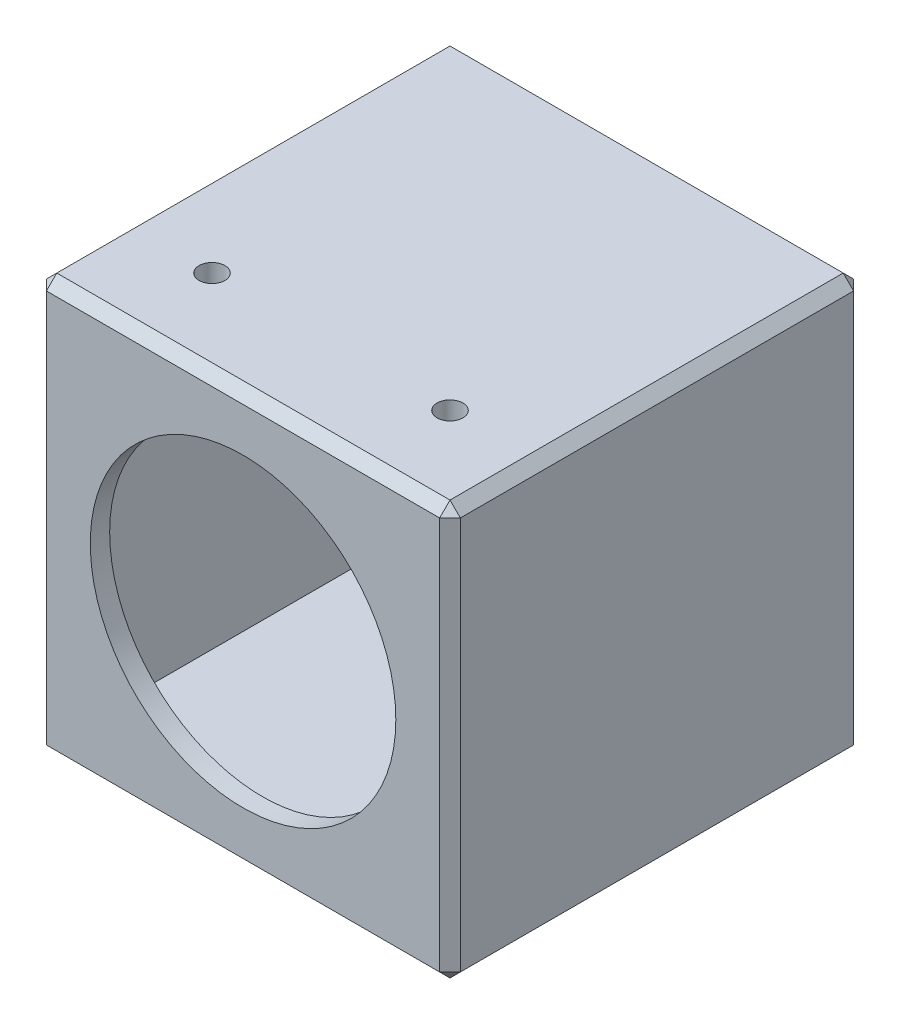
from build123d import *

# Parameters (mm, degrees)
SKETCH1_W           = 101.6
SKETCH1_H           = 101.6
BOSS_EXTRUDE1_DEPTH = 101.6
CHAMFER1_SIZE       = 2.54
SHELL1_T            = 4.7625
CUT_EXTRUDE1_REACH  = 154.4
SKETCH2_R           = 37.5
CUT_EXTRUDE2_REACH  = 126.434
SKETCH3_R           = 3.175


with BuildPart() as part:
    # Sketch1 → Boss-Extrude1 (new body)
    with BuildSketch(Plane(origin=(0, 0, 0), x_dir=(1, 0, 0), z_dir=(0, 1, 0))):
        Rectangle(SKETCH1_W, SKETCH1_H)
    extrude(amount=BOSS_EXTRUDE1_DEPTH)

    # Chamfer1
    chamfer1_edges = [part.edges().sort_by_distance(p)[0] for p in [
        (50.8, 101.6, 0),
        (0, 101.6, -50.8),
        (-50.8, 101.6, 0),
        (0, 0, -50.8),
        (50.8, 0, 0),
        (0, 0, 50.8),
        (-50.8, 0, 0),
        (0, 101.6, 50.8),
        (-50.8, 50.8, -50.8),
        (50.8, 50.8, -50.8),
        (50.8, 50.8, 50.8),
        (-50.8, 50.8, 50.8),
    ]]
    chamfer(chamfer1_edges, length=CHAMFER1_SIZE)

    # Shell1 (no face opened: a closed hollow body)
    add(offset(amount=-SHELL1_T, mode=Mode.PRIVATE), mode=Mode.SUBTRACT)

    # Sketch2 → Cut-Extrude1 (cut, up to next)
    with BuildSketch(Plane.XY.offset(50.8), mode=Mode.PRIVATE) as cut_extrude1_sk1:
        with Locations((0, 50.8)):
            Circle(SKETCH2_R)
    cut_extrude1_tool1 = extrude(cut_extrude1_sk1.sketch, amount=-CUT_EXTRUDE1_REACH, mode=Mode.PRIVATE) & part.part
    add(cut_extrude1_tool1.solids().sort_by_distance((0, 50.8, 50.8))[0], mode=Mode.SUBTRACT)

    # Sketch3 → Cut-Extrude2 (cut, up to next)
    with BuildSketch(Plane(origin=(0, 101.6, 0), x_dir=(1, 0, 0), z_dir=(0, 1, 0)), mode=Mode.PRIVATE) as cut_extrude2_sk1:
        with Locations(Location((-29.21, -29.21, 0), (0, 0, 270))):
            Circle(SKETCH3_R)
    cut_extrude2_tool1 = extrude(cut_extrude2_sk1.sketch, amount=-CUT_EXTRUDE2_REACH, mode=Mode.PRIVATE) & part.part
    # Sketch3 → Cut-Extrude2 (cut, up to next)
    with BuildSketch(Plane(origin=(0, 101.6, 0), x_dir=(1, 0, 0), z_dir=(0, 1, 0)), mode=Mode.PRIVATE) as cut_extrude2_sk2:
        with Locations(Location((29.21, -29.21, 0), (0, 0, 270))):
            Circle(SKETCH3_R)
    cut_extrude2_tool2 = extrude(cut_extrude2_sk2.sketch, amount=-CUT_EXTRUDE2_REACH, mode=Mode.PRIVATE) & part.part
    add(cut_extrude2_tool1.solids().sort_by_distance((-29.21, 101.6, 29.21))[0], mode=Mode.SUBTRACT)
    add(cut_extrude2_tool2.solids().sort_by_distance((29.21, 101.6, 29.21))[0], mode=Mode.SUBTRACT)


solid = part.part

────────────────────────────────────────

# Required action:
Apart from the pictures, every line above must be printed exactly.

# Result of this exercise:
from build123d import *

# Parameters (mm, degrees)
SKETCH1_W           = 101.6
SKETCH1_H           = 101.6
BOSS_EXTRUDE1_DEPTH = 101.6
CHAMFER1_SIZE       = 2.54
SHELL1_T            = 4.7625
CUT_EXTRUDE1_REACH  = 154.4
SKETCH2_R           = 37.5
CUT_EXTRUDE2_REACH  = 126.434
SKETCH3_R           = 3.175


with BuildPart() as part:
    # Sketch1 → Boss-Extrude1 (new body)
    with BuildSketch(Plane(origin=(0, 0, 0), x_dir=(1, 0, 0), z_dir=(0, 1, 0))):
        Rectangle(SKETCH1_W, SKETCH1_H)
    extrude(amount=BOSS_EXTRUDE1_DEPTH)

    # Chamfer1
    chamfer1_edges = [part.edges().sort_by_distance(p)[0] for p in [
        (50.8, 101.6, 0),
        (0, 101.6, -50.8),
        (-50.8, 101.6, 0),
        (0, 0, -50.8),
        (50.8, 0, 0),
        (0, 0, 50.8),
        (-50.8, 0, 0),
        (0, 101.6, 50.8),
        (-50.8, 50.8, -50.8),
        (50.8, 50.8, -50.8),
        (50.8, 50.8, 50.8),
        (-50.8, 50.8, 50.8),
    ]]
    chamfer(chamfer1_edges, length=CHAMFER1_SIZE)

    # Shell1 (no face opened: a closed hollow body)
    add(offset(amount=-SHELL1_T, mode=Mode.PRIVATE), mode=Mode.SUBTRACT)

    # Sketch2 → Cut-Extrude1 (cut, up to next)
    with BuildSketch(Plane.XY.offset(50.8), mode=Mode.PRIVATE) as cut_extrude1_sk1:
        with Locations((0, 50.8)):
            Circle(SKETCH2_R)
    cut_extrude1_tool1 = extrude(cut_extrude1_sk1.sketch, amount=-CUT_EXTRUDE1_REACH, mode=Mode.PRIVATE) & part.part
    add(cut_extrude1_tool1.solids().sort_by_distance((0, 50.8, 50.8))[0], mode=Mode.SUBTRACT)

    # Sketch3 → Cut-Extrude2 (cut, up to next)
    with BuildSketch(Plane(origin=(0, 101.6, 0), x_dir=(1, 0, 0), z_dir=(0, 1, 0)), mode=Mode.PRIVATE) as cut_extrude2_sk1:
        with Locations(Location((-29.21, -29.21, 0), (0, 0, 270))):
            Circle(SKETCH3_R)
    cut_extrude2_tool1 = extrude(cut_extrude2_sk1.sketch, amount=-CUT_EXTRUDE2_REACH, mode=Mode.PRIVATE) & part.part
    # Sketch3 → Cut-Extrude2 (cut, up to next)
    with BuildSketch(Plane(origin=(0, 101.6, 0), x_dir=(1, 0, 0), z_dir=(0, 1, 0)), mode=Mode.PRIVATE) as cut_extrude2_sk2:
        with Locations(Location((29.21, -29.21, 0), (0, 0, 270))):
            Circle(SKETCH3_R)
    cut_extrude2_tool2 = extrude(cut_extrude2_sk2.sketch, amount=-CUT_EXTRUDE2_REACH, mode=Mode.PRIVATE) & part.part
    add(cut_extrude2_tool1.solids().sort_by_distance((-29.21, 101.6, 29.21))[0], mode=Mode.SUBTRACT)
    add(cut_extrude2_tool2.solids().sort_by_distance((29.21, 101.6, 29.21))[0], mode=Mode.SUBTRACT)


solid = part.part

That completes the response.